In many instances, companies have lost control of this process and been forced to make hasty responses to leaks or found themselves facing questions from disgruntled staff and clients who have been left in the dark. Neither of these creates a good basis to build on – and can destabilise things moving forward.
Lambert accepts brokers going through a merger could put in place the detailed plans they require without recourse to external consultants. But he does feel it is not as easy as many think, and that for the management teams of both organisations to work directly with each other during these negotiations can be difficult.
“It is often good to have a neutral participant who can speak candidly and take some of the flak when there are unpopular decisions being made to balance the cultural fit and alignment of both businesses,” comments Lambert.
Similarly, he says it is difficult for stakeholders to remain truly objective. He continues: “The other way consultants like us can come in is to challenge the status quo in both organisations. It is very difficult for incumbent managers to look objectively at their own business and the business that is being bought.”

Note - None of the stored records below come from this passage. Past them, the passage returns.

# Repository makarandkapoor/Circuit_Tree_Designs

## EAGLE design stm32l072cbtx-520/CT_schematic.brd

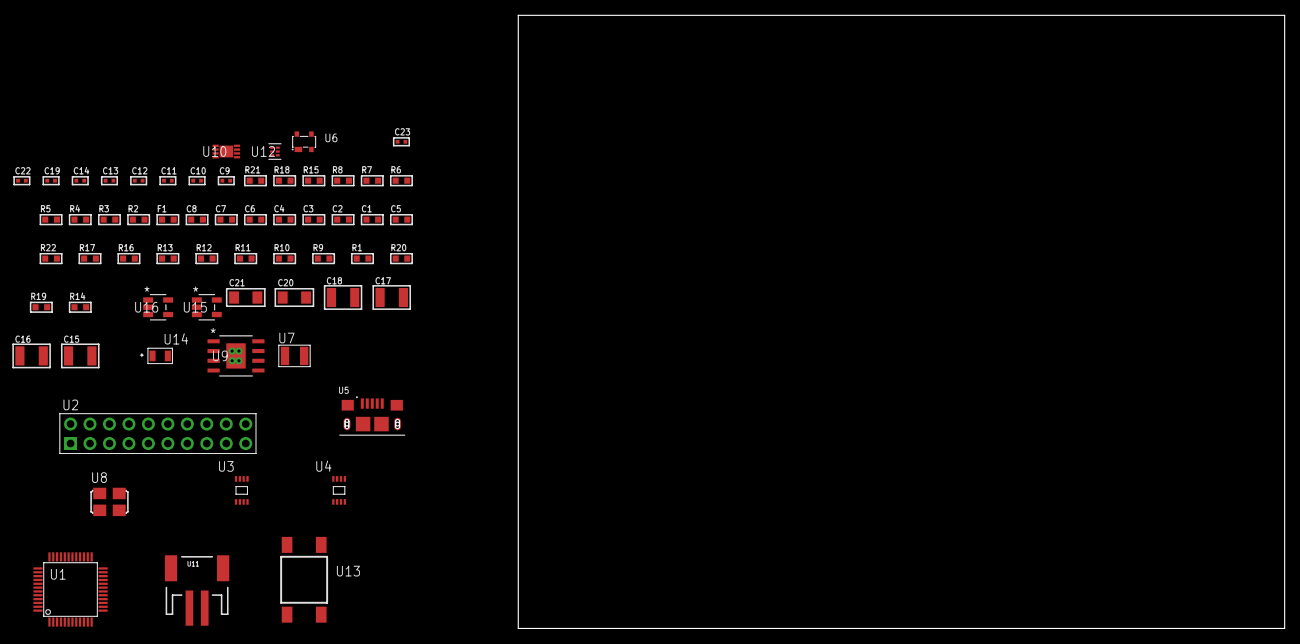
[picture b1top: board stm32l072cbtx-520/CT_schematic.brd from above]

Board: 2 copper layers, 122.6 x 80.0 mm, 62 parts (0 on the bottom side), 31 nets, no tracks yet.

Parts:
C1, C2, C3, C4, C8: 1e-07; C0603
C5: 4.7e-06; C0603
C6: 1e-08; C0603
C7: 1e-06; C0603
C9, C10: 1e-11; C0402
C11, C19: 1e-07; C0402
C12, C13, C14, C22, C23: 1e-08; C0402
C15, C16, C17, C18: 1e-05; C1210
C20, C21: 1e-05; C1206
F1: 240.0; L0603
R1, R9, R10, R11, R12, R13, R16, R17, R22: 10000.0; R0603
R2: 1000.0; R0603
R3: 1600.5; R0603
R4: 4700.0; R0603
R5, R6, R7, R8, R15: 2200.0; R0603
R14: 4031.5447154472; R0603
R18: 9100.0; R0603
R19: 680000.0; R0603
R20: 120000.0; R0603
R21: 2000.0; R0603
U1: STM32L072CBT6; LQFP48
U2: TST-110-05-T-D-RA
U3: 24AA16-I/MC; TDFN-8/6MM
U4: 24AA64T-I/MNY; TDFN-8/6MM
U5: 10118193-0001LF; FCI_10118193-0001LF
U6: prtr5v0u2ax; SOT143B
U7: ABS07-32.768KHZ-7-T
U8: ASFL1-25MHZ-NCS; ASFL1
U9: MIC5234YME; SOIC-8_EP
U10: MCP73831T-2ACI/MC; DFN8_2X3MC
U11: S2B-PH-SM4-TB(LF)(SN); JST-2-SMD
U12: TPS3895ADRYR; SON-6
U13: 4-1437565-2; SW_4-1437565-2
U14: Q65110A2395; LGM67K-G1J2-24-Z
U15, U16: nc7sz125m5x; NC7SZ125M5X

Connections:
CLK_CRYSTAL_U1_3: C9.1, U1.3, U7.1
CLK_CRYSTAL_U1_4: C10.1, U1.4, U7.2
CLK_U1_5: U1.5, U8.3
GND: C1.2, C2.2, C3.2, C4.2, C5.2, C6.2, C7.2, C8.2, C9.2, C10.2, C11.2, C12.2, C13.2, C14.2, C15.2, C16.2, C17.2, C18.2, C19.2, C20.2, C21.2, C22.2, C23.2, R2.2, R9.2, R11.2, R13.2, R15.2, R18.2, R20.2, R21.2, U1.8, U1.23, U1.35, U1.47, U2.4, U2.6, U2.8, U2.10, U2.12, U2.14, U2.16, U2.18, U2.20, U3.4, U3.7, U4.4, U4.7, U5.5, U5.6, U5.7, U5.8, U5.9, U6.1, U8.2, U9.7, U9.EPAD, U10.6, U10.9, U11.2, U12.2, U14.C, U15.2, U15.3, U16.1, U16.3
INPUT_USBPOWER_5V: C20.1, R22.2, U5.1, U6.4, U10.1, U10.2
NET_U1_7: R4.1, U1.7, U16.4
NET_U1_9: C6.1, C7.1, F1.1, U1.9
NET_U1_21: R7.1, U1.21, U3.6
NET_U1_22: R8.1, U1.22, U3.5
NET_U1_30: R5.1, U1.30, U4.6
NET_U1_31: R6.1, U1.31, U4.5
NET_U1_44: R9.1, U1.44
NET_U1_45: R3.1, U1.45, U14.A
NET_U1_46: R1.1, U1.46, U13.3, U13.4
NET_U4_1: R11.1, U4.1
NET_U4_2: R12.1, U4.2
NET_U4_3: R13.1, U4.3
NET_U9_4: R14.2, R15.1, U9.4
NET_U10_5: R22.1, U10.5
NET_U10_8: R21.1, U10.8
NET_U12_1: R17.1, R18.1, U12.1
NET_U12_3: R19.2, R20.1, U12.3
NET_U12_4: R16.1, U12.4, U15.4, U16.2
NET_U13_1: R2.1, U13.1, U13.2
PROC_SYS_SWCLK: U1.37, U2.9
PROC_SYS_SWDIO: U1.34, U2.7
PROC_USB_DM: U1.32, U5.2, U6.3
PROC_USB_DP: U1.33, U5.3, U6.2
RST_OUT_U2_SRESET_B: R10.1, U2.15, U15.1
VCC_S1_3V7: C15.1, C16.1, C21.1, U9.5, U9.8, U10.3, U10.4, U11.1
VCC_TIER1_3V3: C1.1, C2.1, C3.1, C4.1, C5.1, C8.1, C11.1, C12.1, C13.1, C14.1, C17.1, C18.1, C19.1, C22.1, C23.1, F1.2, R1.2, R3.2, R4.2, R5.2, R6.2, R7.2, R8.2, R10.2, R12.2, R14.1, R16.2, R17.2, R19.1, U1.1, U1.24, U1.36, U1.48, U2.1, U3.8, U4.8, U8.4, U9.1, U12.6, U15.5, U16.5

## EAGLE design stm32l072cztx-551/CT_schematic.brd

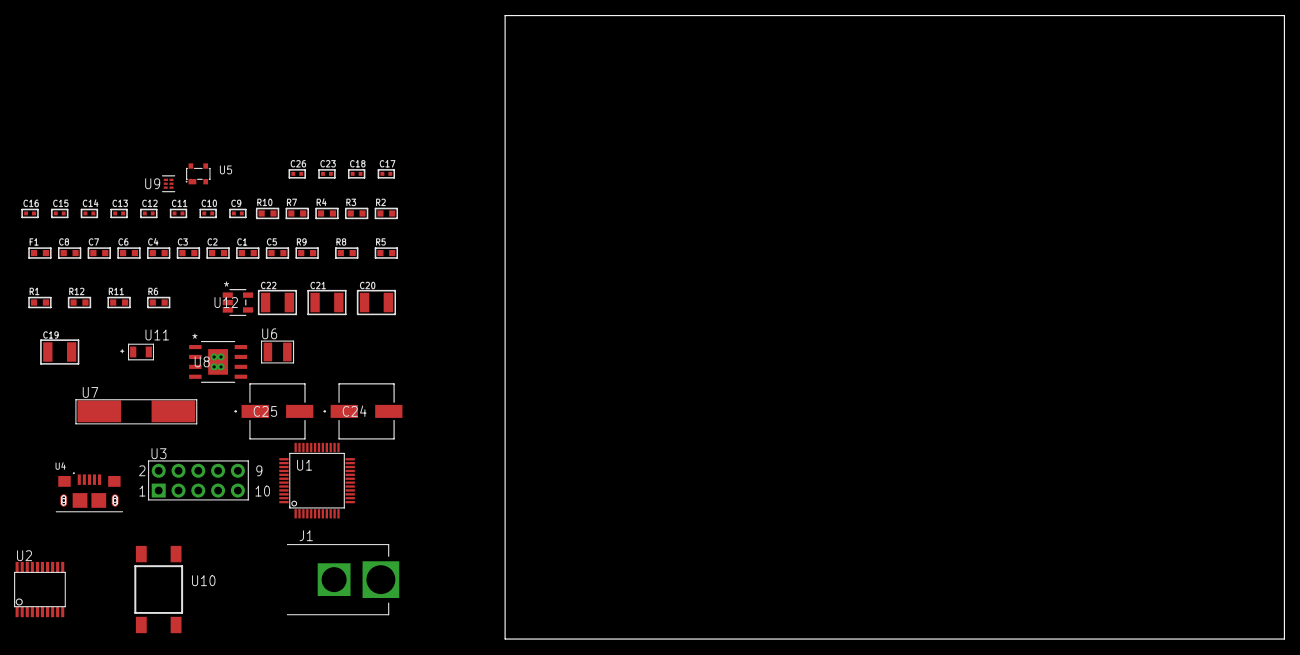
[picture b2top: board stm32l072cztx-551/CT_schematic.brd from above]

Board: 2 copper layers, 156.9 x 80.0 mm, 52 parts (0 on the bottom side), 34 nets, no tracks yet.

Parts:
C1, C2, C3, C4, C8: 1e-07; C0603
C5: 4.7e-06; C0603
C6: 1e-08; C0603
C7: 1e-06; C0603
C9, C10, C11, C12: 1e-11; C0402
C13, C14, C15, C16, C17, C18, C23: 1e-07; C0402
C19, C20, C21, C22: 1e-05; C1210
C24, C25: 0.0001; EXV-9H
C26: 1e-08; C0402
F1: 240.0; L0603
J1: PJ-037B; PJ-037B_PACKAGE
R1, R5, R8, R9: 10000.0; R0603
R2: 1000.0; R0603
R3: 1600.5; R0603
R4: 4700.0; R0603
R6: 4031.5447154472; R0603
R7: 2200.0; R0603
R10: 9100.0; R0603
R11: 680000.0; R0603
R12: 120000.0; R0603
U1: STM32L072CZT6; LQFP48
U2: SP3203ECY-L/TR; TSSOP20-I
U3: HTSS-105-01-G-D
U4: 10118193-0001LF; FCI_10118193-0001LF
U5: prtr5v0u2ax; SOT143B
U6: ABS07-32.768KHZ-7-T
U7: ABLS-25.000MHZ-B2F-T
U8: MIC5234YME; SOIC-8_EP
U9: TPS3895ADRYR; SON-6
U10: 4-1437565-2; SW_4-1437565-2
U11: Q65110A2395; LGM67K-G1J2-24-Z
U12: nc7sz125m5x; NC7SZ125M5X

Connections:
CLK_CRYSTAL_U1_3: C9.1, U1.3, U6.1
CLK_CRYSTAL_U1_4: C10.1, U1.4, U6.2
CLK_CRYSTAL_U1_5: C11.1, U1.5, U7.1
CLK_CRYSTAL_U1_6: C12.1, U1.6, U7.2
GND: C1.2, C2.2, C3.2, C4.2, C5.2, C6.2, C7.2, C8.2, C9.2, C10.2, C11.2, C12.2, C13.2, C14.2, C17.2, C18.2, C19.2, C20.2, C21.2, C22.2, C23.2, C24.2, C25.2, C26.2, J1.2, R2.2, R5.2, R7.2, R10.2, R12.2, U1.8, U1.23, U1.35, U1.47, U2.18, U3.9, U4.5, U4.6, U4.7, U4.8, U4.9, U5.1, U8.7, U8.EPAD, U9.2, U11.C, U12.1, U12.3
NET_U1_7: R4.1, U1.7, U12.4
NET_U1_9: C6.1, C7.1, F1.1, U1.9
NET_U1_44: R5.1, U1.44
NET_U1_45: R3.1, U1.45, U11.A
NET_U1_46: R1.1, U1.46, U10.3, U10.4
NET_U2_1: C15.1, U2.1
NET_U2_2: C17.1, U2.2
NET_U2_3: C15.2, U2.3
NET_U2_4: C16.1, U2.4
NET_U2_5: C16.2, U2.5
NET_U2_6: C18.1, U2.6
NET_U3_3: U2.14, U3.3
NET_U3_4: U2.13, U3.4
NET_U3_5: U2.17, U3.5
NET_U3_6: U2.16, U3.6
NET_U5_4: U4.1, U5.4
NET_U8_4: R6.2, R7.1, U8.4
NET_U9_1: R9.1, R10.1, U9.1
NET_U9_3: R11.2, R12.1, U9.3
NET_U9_4: R8.1, U9.4, U12.2
NET_U10_1: R2.1, U10.1, U10.2
PROC_LPUART1_CTS: U1.16, U2.8
PROC_LPUART1_RTS: U1.19, U2.10
PROC_LPUART1_RX: U1.13, U2.11
PROC_LPUART1_TX: U1.12, U2.7
PROC_USB_DM: U1.32, U4.2, U5.3
PROC_USB_DP: U1.33, U4.3, U5.2
VCC_S1_10V3: C19.1, C20.1, C24.1, C25.1, J1.1, U8.5, U8.8
VCC_TIER1_3V3: C1.1, C2.1, C3.1, C4.1, C5.1, C8.1, C13.1, C14.1, C21.1, C22.1, C23.1, C26.1, F1.2, R1.2, R3.2, R4.2, R6.1, R8.2, R9.2, R11.1, U1.1, U1.24, U1.36, U1.48, U2.12, U2.19, U8.1, U9.6, U12.5

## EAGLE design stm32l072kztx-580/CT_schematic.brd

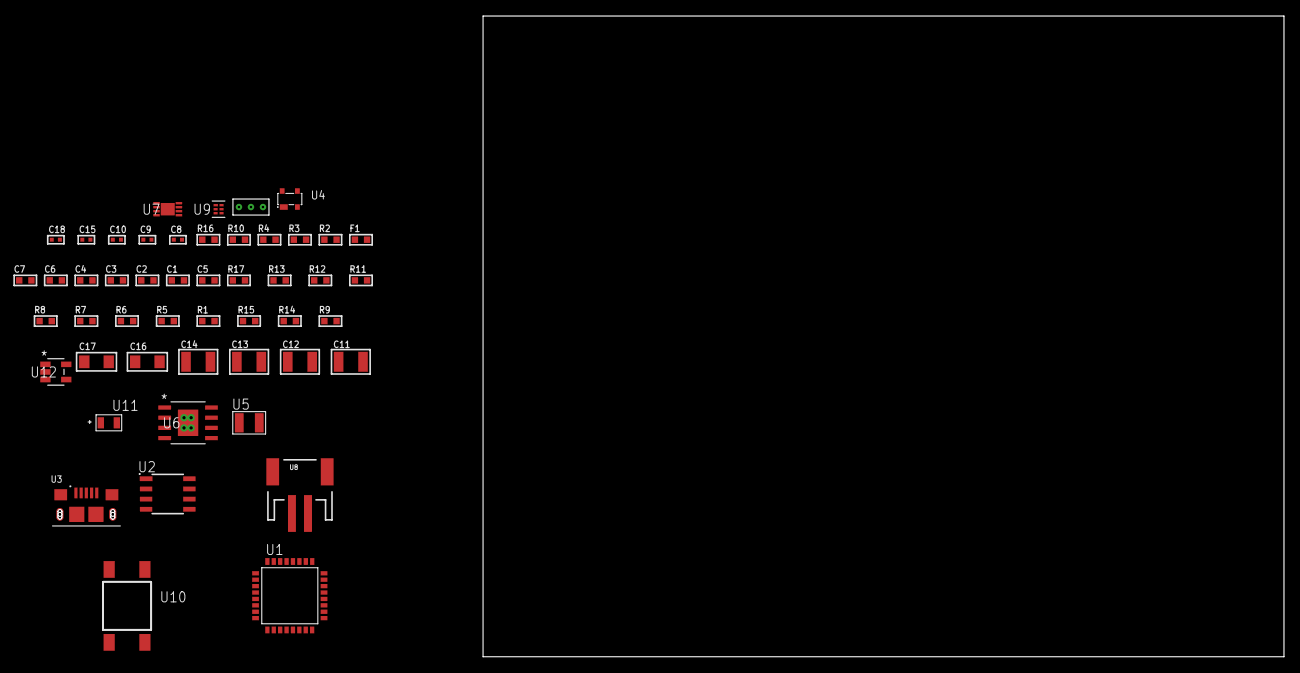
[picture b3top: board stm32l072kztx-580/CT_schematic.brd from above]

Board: 2 copper layers, 153.1 x 80.0 mm, 49 parts (0 on the bottom side), 28 nets, no tracks yet.

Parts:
C1, C2, C3, C4: 1e-07; C0603
C5: 4.7e-06; C0603
C6: 1e-08; C0603
C7: 1e-06; C0603
C8, C9: 1e-11; C0402
C10, C18: 1e-08; C0402
C11, C12, C13, C14: 1e-05; C1210
C15: 1e-07; C0402
C16, C17: 1e-05; C1206
F1: 240.0; L0603
R1, R5, R6, R7, R8, R11, R12, R17: 10000.0; R0603
R2: 1000.0; R0603
R3: 910.0; R0603
R4: 4700.0; R0603
R9: 1402.2764227642; R0603
R10: 2200.0; R0603
R13: 82000.0; R0603
R14: 300000.0; R0603
R15: 120000.0; R0603
R16: 2000.0; R0603
U1: STM32L072KZT6; LQFP32
U2: AT25256B-SSHL-T; SOIC-8
U3: 10118193-0001LF; FCI_10118193-0001LF
U4: prtr5v0u2ax; SOT143B
U5: ABS07-32.768KHZ-7-T
U6: MIC5234YME; SOIC-8_EP
U7: MCP73831T-2ACI/MC; DFN8_2X3MC
U8: S2B-PH-SM4-TB(LF)(SN); JST-2-SMD
U9: TPS3895ADRYR; SON-6
U10: 4-1437565-2; SW_4-1437565-2
U11: Q65110A2395; LGM67K-G1J2-24-Z
U12: nc7sz125m5x; NC7SZ125M5X
U13: Dummy; DUMMY_PACKAGE_101

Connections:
CLK_CRYSTAL_U1_2: C8.1, U1.2, U5.1
CLK_CRYSTAL_U1_3: C9.1, U1.3, U5.2
GND: C1.2, C2.2, C3.2, C4.2, C5.2, C6.2, C7.2, C8.2, C9.2, C10.2, C11.2, C12.2, C13.2, C14.2, C15.2, C16.2, C17.2, C18.2, R2.2, R5.2, R10.2, R13.2, R15.2, R16.2, U1.16, U1.32, U2.4, U3.5, U3.6, U3.7, U3.8, U3.9, U4.1, U6.7, U6.EPAD, U7.6, U7.9, U8.2, U9.2, U11.C, U12.1, U12.3, U13.1
INPUT_USBPOWER_5V: C16.1, R17.2, U3.1, U4.4, U7.1, U7.2
NET_U1_4: R4.1, U1.4, U12.4
NET_U1_5: C6.1, C7.1, F1.1, U1.5
NET_U1_29: R3.1, U1.29, U11.A
NET_U1_30: R1.1, U1.30, U10.3, U10.4
NET_U1_31: R5.1, U1.31
NET_U2_3: R6.1, U2.3
NET_U2_7: R8.1, U2.7
NET_U6_4: R9.2, R10.1, U6.4
NET_U7_5: R17.1, U7.5
NET_U7_8: R16.1, U7.8
NET_U9_1: R12.1, R13.1, U9.1
NET_U9_3: R14.2, R15.1, U9.3
NET_U9_4: R11.1, U9.4, U12.2
NET_U10_1: R2.1, U10.1, U10.2
PROC_PA0: U1.6, U13.2
PROC_PA1: U1.7, U13.3
PROC_SPI1_MISO: U1.12, U2.2
PROC_SPI1_MOSI: U1.13, U2.5
PROC_SPI1_NSS: R7.1, U1.10, U2.1
PROC_SPI1_SCK: U1.11, U2.6
PROC_USB_DM: U1.21, U3.2, U4.3
PROC_USB_DP: U1.22, U3.3, U4.2
VCC_S1_3V7: C11.1, C12.1, C17.1, U6.5, U6.8, U7.3, U7.4, U8.1
VCC_TIER1_1V8: C1.1, C2.1, C3.1, C4.1, C5.1, C10.1, C13.1, C14.1, C15.1, C18.1, F1.2, R1.2, R3.2, R4.2, R6.2, R7.2, R8.2, R9.1, R11.2, R12.2, R14.1, U1.1, U1.17, U2.8, U6.1, U9.6, U12.5

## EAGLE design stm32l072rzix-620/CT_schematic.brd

Even where brokers get the cultural and strategic fit right, they may find there are challenges to overcome as a new entity. In selling a stake in its partnership to Willis, for example, there may be several issues that Miller now has to deal with, having given up its independent status.
David Ross, former CEO at Arthur J Gallagher International, who has left to take up the reins at Towergate, has said the deal marks the loss of an important independent firm and is “a bit of a tragedy”. Given the acquisitive nature of his past and present employers, some would question his right to criticise, but he is not alone in his view.
Certainly Esser believes there is a powerful differentiation to be had from independence, and he comments: “If you are an independent retail broker and you are looking for access to the London market then you do not really want to be dealing with someone who competes with you – whether directly or indirectly.”
Before any deal completes there will be logistical hurdles to overcome and some unforeseen issues to contend with. In giving the requisite warranties on the business, sellers may be left with an overhanging liability. Additionally there may be unresolved tax issues or potential liability claims that the buyer will have to deal with in the future.
These clearly present a problem for any buyer and they will look to price in the worst-case scenario to protect themselves should these issues come to fruition at a later date. As such, M&A insurance is something brokers may want to bring into play. Beazley, for example, offers a range of covers in this market and has an appetite for financial services and insurance businesses that not all others do.
John McNally heads up the transaction liability team at Beazley and believes the cover can bring a measure of certainty and comfort to both parties during negotiations. He says policies can cater for “any contingent issue that creates a pricing obstacle or completion obstacle between buyer and seller”. He adds: “On a broad basis insurers can look at that and put cover in place at a price that is going to be more effective for sellers and give buyers downside protection in the event that something goes wrong. It allows sellers to exit on a cleaner basis and without having this overhang of indemnification and potential liability.”
Whether or not brokers involved in M&A take up this cover is their call, but it looks likely there will be a lot more deals for McNally and his team to go after.